● TO DO
Every record below must come back exactly as written, with the images dropped.

= = = =

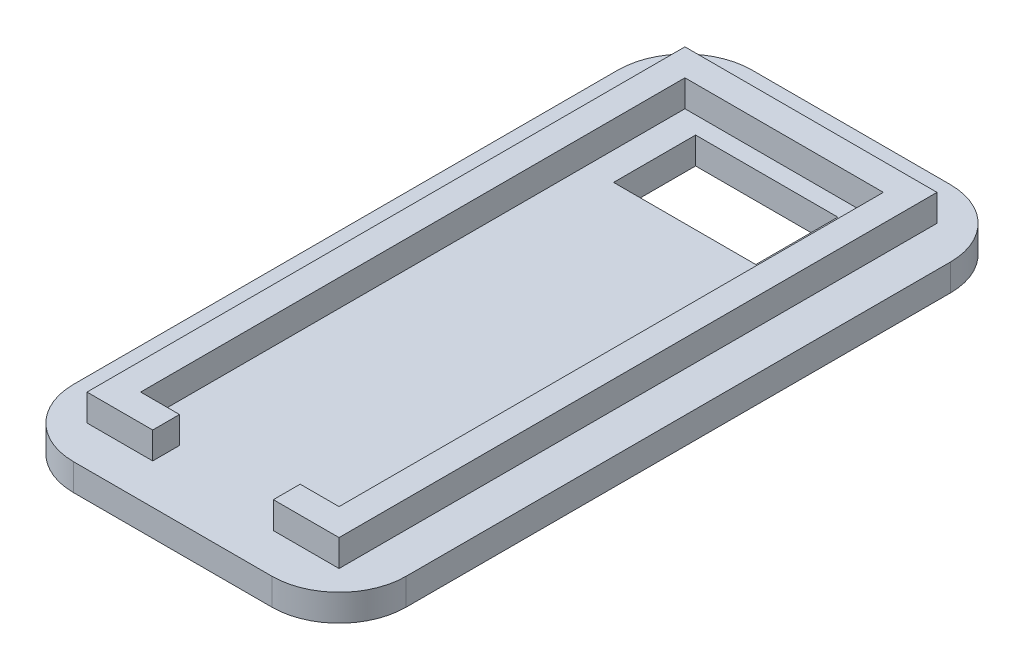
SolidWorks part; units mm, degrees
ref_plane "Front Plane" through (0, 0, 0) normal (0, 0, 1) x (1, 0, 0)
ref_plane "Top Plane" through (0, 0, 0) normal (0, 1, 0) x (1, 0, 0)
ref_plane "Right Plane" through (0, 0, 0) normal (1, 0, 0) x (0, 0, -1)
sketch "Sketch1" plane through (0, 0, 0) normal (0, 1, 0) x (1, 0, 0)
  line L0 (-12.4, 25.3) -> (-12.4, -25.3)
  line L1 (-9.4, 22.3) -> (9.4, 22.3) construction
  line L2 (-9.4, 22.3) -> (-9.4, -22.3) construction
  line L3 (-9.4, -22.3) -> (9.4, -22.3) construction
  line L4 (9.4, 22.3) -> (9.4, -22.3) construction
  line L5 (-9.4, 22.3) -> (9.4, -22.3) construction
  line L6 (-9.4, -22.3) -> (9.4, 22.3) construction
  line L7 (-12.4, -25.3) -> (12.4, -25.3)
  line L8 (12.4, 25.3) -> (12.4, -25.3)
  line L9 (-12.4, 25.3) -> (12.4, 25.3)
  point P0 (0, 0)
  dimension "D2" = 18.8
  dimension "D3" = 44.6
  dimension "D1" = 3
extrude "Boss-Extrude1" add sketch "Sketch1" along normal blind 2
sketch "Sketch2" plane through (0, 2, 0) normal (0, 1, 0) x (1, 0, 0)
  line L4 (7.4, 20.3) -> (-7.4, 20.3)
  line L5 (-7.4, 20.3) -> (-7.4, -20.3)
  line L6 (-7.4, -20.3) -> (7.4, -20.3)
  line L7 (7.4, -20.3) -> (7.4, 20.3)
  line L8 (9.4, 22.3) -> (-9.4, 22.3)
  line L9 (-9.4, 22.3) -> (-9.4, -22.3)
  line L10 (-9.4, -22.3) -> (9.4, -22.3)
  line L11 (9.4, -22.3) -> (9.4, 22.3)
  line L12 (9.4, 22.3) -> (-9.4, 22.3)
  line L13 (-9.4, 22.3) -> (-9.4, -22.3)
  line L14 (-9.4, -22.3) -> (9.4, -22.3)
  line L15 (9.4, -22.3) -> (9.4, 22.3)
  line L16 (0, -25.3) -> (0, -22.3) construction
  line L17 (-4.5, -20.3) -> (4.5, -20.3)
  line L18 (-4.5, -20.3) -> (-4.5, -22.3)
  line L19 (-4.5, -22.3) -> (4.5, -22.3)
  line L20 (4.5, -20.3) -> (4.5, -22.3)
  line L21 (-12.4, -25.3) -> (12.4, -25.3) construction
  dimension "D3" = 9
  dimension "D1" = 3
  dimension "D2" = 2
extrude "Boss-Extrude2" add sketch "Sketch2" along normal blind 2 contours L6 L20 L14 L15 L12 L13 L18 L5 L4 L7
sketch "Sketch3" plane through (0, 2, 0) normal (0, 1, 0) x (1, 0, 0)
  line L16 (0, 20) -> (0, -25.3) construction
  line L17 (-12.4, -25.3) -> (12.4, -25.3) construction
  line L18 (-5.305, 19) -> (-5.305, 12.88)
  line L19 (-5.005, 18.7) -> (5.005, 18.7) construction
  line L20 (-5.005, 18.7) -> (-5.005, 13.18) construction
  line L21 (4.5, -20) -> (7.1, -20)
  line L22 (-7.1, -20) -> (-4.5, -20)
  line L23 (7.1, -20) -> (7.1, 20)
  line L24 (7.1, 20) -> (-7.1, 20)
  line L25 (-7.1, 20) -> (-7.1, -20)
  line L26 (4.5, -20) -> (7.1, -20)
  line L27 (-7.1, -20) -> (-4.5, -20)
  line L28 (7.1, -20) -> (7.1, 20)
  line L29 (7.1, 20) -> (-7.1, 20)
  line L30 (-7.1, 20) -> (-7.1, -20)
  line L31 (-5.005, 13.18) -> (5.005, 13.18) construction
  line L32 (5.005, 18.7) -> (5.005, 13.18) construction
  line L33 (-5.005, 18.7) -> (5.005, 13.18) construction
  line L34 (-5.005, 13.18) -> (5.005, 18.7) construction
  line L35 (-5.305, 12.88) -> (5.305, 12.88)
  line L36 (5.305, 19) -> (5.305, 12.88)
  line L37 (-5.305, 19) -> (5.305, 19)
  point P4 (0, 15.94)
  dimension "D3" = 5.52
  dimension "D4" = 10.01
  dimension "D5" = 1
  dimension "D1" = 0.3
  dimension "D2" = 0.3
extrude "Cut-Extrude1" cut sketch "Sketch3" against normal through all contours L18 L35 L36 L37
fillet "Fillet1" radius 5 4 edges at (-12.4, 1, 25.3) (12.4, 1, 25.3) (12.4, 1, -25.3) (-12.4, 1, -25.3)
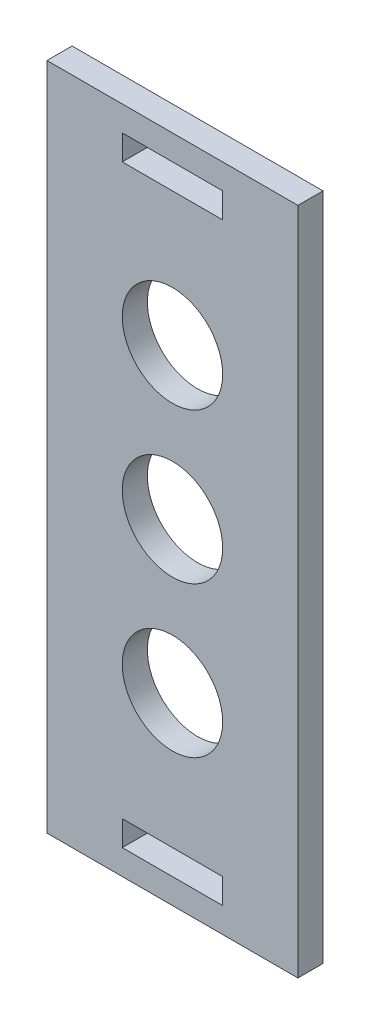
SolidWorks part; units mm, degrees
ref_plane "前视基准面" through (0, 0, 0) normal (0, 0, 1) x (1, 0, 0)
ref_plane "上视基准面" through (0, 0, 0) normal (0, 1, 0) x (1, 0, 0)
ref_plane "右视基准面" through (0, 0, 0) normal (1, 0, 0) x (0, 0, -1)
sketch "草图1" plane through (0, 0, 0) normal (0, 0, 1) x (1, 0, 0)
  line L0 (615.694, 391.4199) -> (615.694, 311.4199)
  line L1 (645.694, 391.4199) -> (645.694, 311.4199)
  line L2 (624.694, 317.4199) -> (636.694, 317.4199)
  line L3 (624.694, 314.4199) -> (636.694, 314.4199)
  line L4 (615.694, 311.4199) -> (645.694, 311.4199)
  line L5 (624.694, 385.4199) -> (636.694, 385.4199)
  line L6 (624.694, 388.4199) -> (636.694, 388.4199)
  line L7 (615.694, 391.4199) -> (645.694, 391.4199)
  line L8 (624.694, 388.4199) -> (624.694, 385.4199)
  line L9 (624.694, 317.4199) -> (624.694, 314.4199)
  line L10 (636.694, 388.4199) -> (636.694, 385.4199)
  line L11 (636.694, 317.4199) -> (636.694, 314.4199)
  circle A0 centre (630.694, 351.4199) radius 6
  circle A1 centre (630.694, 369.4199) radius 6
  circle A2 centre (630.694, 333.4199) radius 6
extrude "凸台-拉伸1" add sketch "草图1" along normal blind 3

= = = =

● WRITTEN ANSWER
SolidWorks part; units mm, degrees
ref_plane "Front Plane" through (0, 0, 0) normal (0, 0, 1) x (1, 0, 0)
ref_plane "Top Plane" through (0, 0, 0) normal (0, 1, 0) x (1, 0, 0)
ref_plane "Right Plane" through (0, 0, 0) normal (1, 0, 0) x (0, 0, -1)
sketch "Sketch1" plane through (0, 0, 0) normal (0, 1, 0) x (1, 0, 0)
  line L0 (-12.4, 25.3) -> (-12.4, -25.3)
  line L1 (-9.4, 22.3) -> (9.4, 22.3) construction
  line L2 (-9.4, 22.3) -> (-9.4, -22.3) construction
  line L3 (-9.4, -22.3) -> (9.4, -22.3) construction
  line L4 (9.4, 22.3) -> (9.4, -22.3) construction
  line L5 (-9.4, 22.3) -> (9.4, -22.3) construction
  line L6 (-9.4, -22.3) -> (9.4, 22.3) construction
  line L7 (-12.4, -25.3) -> (12.4, -25.3)
  line L8 (12.4, 25.3) -> (12.4, -25.3)
  line L9 (-12.4, 25.3) -> (12.4, 25.3)
  point P0 (0, 0)
  dimension "D2" = 18.8
  dimension "D3" = 44.6
  dimension "D1" = 3
extrude "Boss-Extrude1" add sketch "Sketch1" along normal blind 2
sketch "Sketch2" plane through (0, 2, 0) normal (0, 1, 0) x (1, 0, 0)
  line L4 (7.4, 20.3) -> (-7.4, 20.3)
  line L5 (-7.4, 20.3) -> (-7.4, -20.3)
  line L6 (-7.4, -20.3) -> (7.4, -20.3)
  line L7 (7.4, -20.3) -> (7.4, 20.3)
  line L8 (9.4, 22.3) -> (-9.4, 22.3)
  line L9 (-9.4, 22.3) -> (-9.4, -22.3)
  line L10 (-9.4, -22.3) -> (9.4, -22.3)
  line L11 (9.4, -22.3) -> (9.4, 22.3)
  line L12 (9.4, 22.3) -> (-9.4, 22.3)
  line L13 (-9.4, 22.3) -> (-9.4, -22.3)
  line L14 (-9.4, -22.3) -> (9.4, -22.3)
  line L15 (9.4, -22.3) -> (9.4, 22.3)
  line L16 (0, -25.3) -> (0, -22.3) construction
  line L17 (-4.5, -20.3) -> (4.5, -20.3)
  line L18 (-4.5, -20.3) -> (-4.5, -22.3)
  line L19 (-4.5, -22.3) -> (4.5, -22.3)
  line L20 (4.5, -20.3) -> (4.5, -22.3)
  line L21 (-12.4, -25.3) -> (12.4, -25.3) construction
  dimension "D3" = 9
  dimension "D1" = 3
  dimension "D2" = 2
extrude "Boss-Extrude2" add sketch "Sketch2" along normal blind 2 contours L6 L20 L14 L15 L12 L13 L18 L5 L4 L7
sketch "Sketch3" plane through (0, 2, 0) normal (0, 1, 0) x (1, 0, 0)
  line L16 (0, 20) -> (0, -25.3) construction
  line L17 (-12.4, -25.3) -> (12.4, -25.3) construction
  line L18 (-5.305, 19) -> (-5.305, 12.88)
  line L19 (-5.005, 18.7) -> (5.005, 18.7) construction
  line L20 (-5.005, 18.7) -> (-5.005, 13.18) construction
  line L21 (4.5, -20) -> (7.1, -20)
  line L22 (-7.1, -20) -> (-4.5, -20)
  line L23 (7.1, -20) -> (7.1, 20)
  line L24 (7.1, 20) -> (-7.1, 20)
  line L25 (-7.1, 20) -> (-7.1, -20)
  line L26 (4.5, -20) -> (7.1, -20)
  line L27 (-7.1, -20) -> (-4.5, -20)
  line L28 (7.1, -20) -> (7.1, 20)
  line L29 (7.1, 20) -> (-7.1, 20)
  line L30 (-7.1, 20) -> (-7.1, -20)
  line L31 (-5.005, 13.18) -> (5.005, 13.18) construction
  line L32 (5.005, 18.7) -> (5.005, 13.18) construction
  line L33 (-5.005, 18.7) -> (5.005, 13.18) construction
  line L34 (-5.005, 13.18) -> (5.005, 18.7) construction
  line L35 (-5.305, 12.88) -> (5.305, 12.88)
  line L36 (5.305, 19) -> (5.305, 12.88)
  line L37 (-5.305, 19) -> (5.305, 19)
  point P4 (0, 15.94)
  dimension "D3" = 5.52
  dimension "D4" = 10.01
  dimension "D5" = 1
  dimension "D1" = 0.3
  dimension "D2" = 0.3
extrude "Cut-Extrude1" cut sketch "Sketch3" against normal through all contours L18 L35 L36 L37
fillet "Fillet1" radius 5 4 edges at (-12.4, 1, 25.3) (12.4, 1, 25.3) (12.4, 1, -25.3) (-12.4, 1, -25.3)
SolidWorks part; units mm, degrees
ref_plane "前视基准面" through (0, 0, 0) normal (0, 0, 1) x (1, 0, 0)
ref_plane "上视基准面" through (0, 0, 0) normal (0, 1, 0) x (1, 0, 0)
ref_plane "右视基准面" through (0, 0, 0) normal (1, 0, 0) x (0, 0, -1)
sketch "草图1" plane through (0, 0, 0) normal (0, 0, 1) x (1, 0, 0)
  line L0 (615.694, 391.4199) -> (615.694, 311.4199)
  line L1 (645.694, 391.4199) -> (645.694, 311.4199)
  line L2 (624.694, 317.4199) -> (636.694, 317.4199)
  line L3 (624.694, 314.4199) -> (636.694, 314.4199)
  line L4 (615.694, 311.4199) -> (645.694, 311.4199)
  line L5 (624.694, 385.4199) -> (636.694, 385.4199)
  line L6 (624.694, 388.4199) -> (636.694, 388.4199)
  line L7 (615.694, 391.4199) -> (645.694, 391.4199)
  line L8 (624.694, 388.4199) -> (624.694, 385.4199)
  line L9 (624.694, 317.4199) -> (624.694, 314.4199)
  line L10 (636.694, 388.4199) -> (636.694, 385.4199)
  line L11 (636.694, 317.4199) -> (636.694, 314.4199)
  circle A0 centre (630.694, 351.4199) radius 6
  circle A1 centre (630.694, 369.4199) radius 6
  circle A2 centre (630.694, 333.4199) radius 6
extrude "凸台-拉伸1" add sketch "草图1" along normal blind 3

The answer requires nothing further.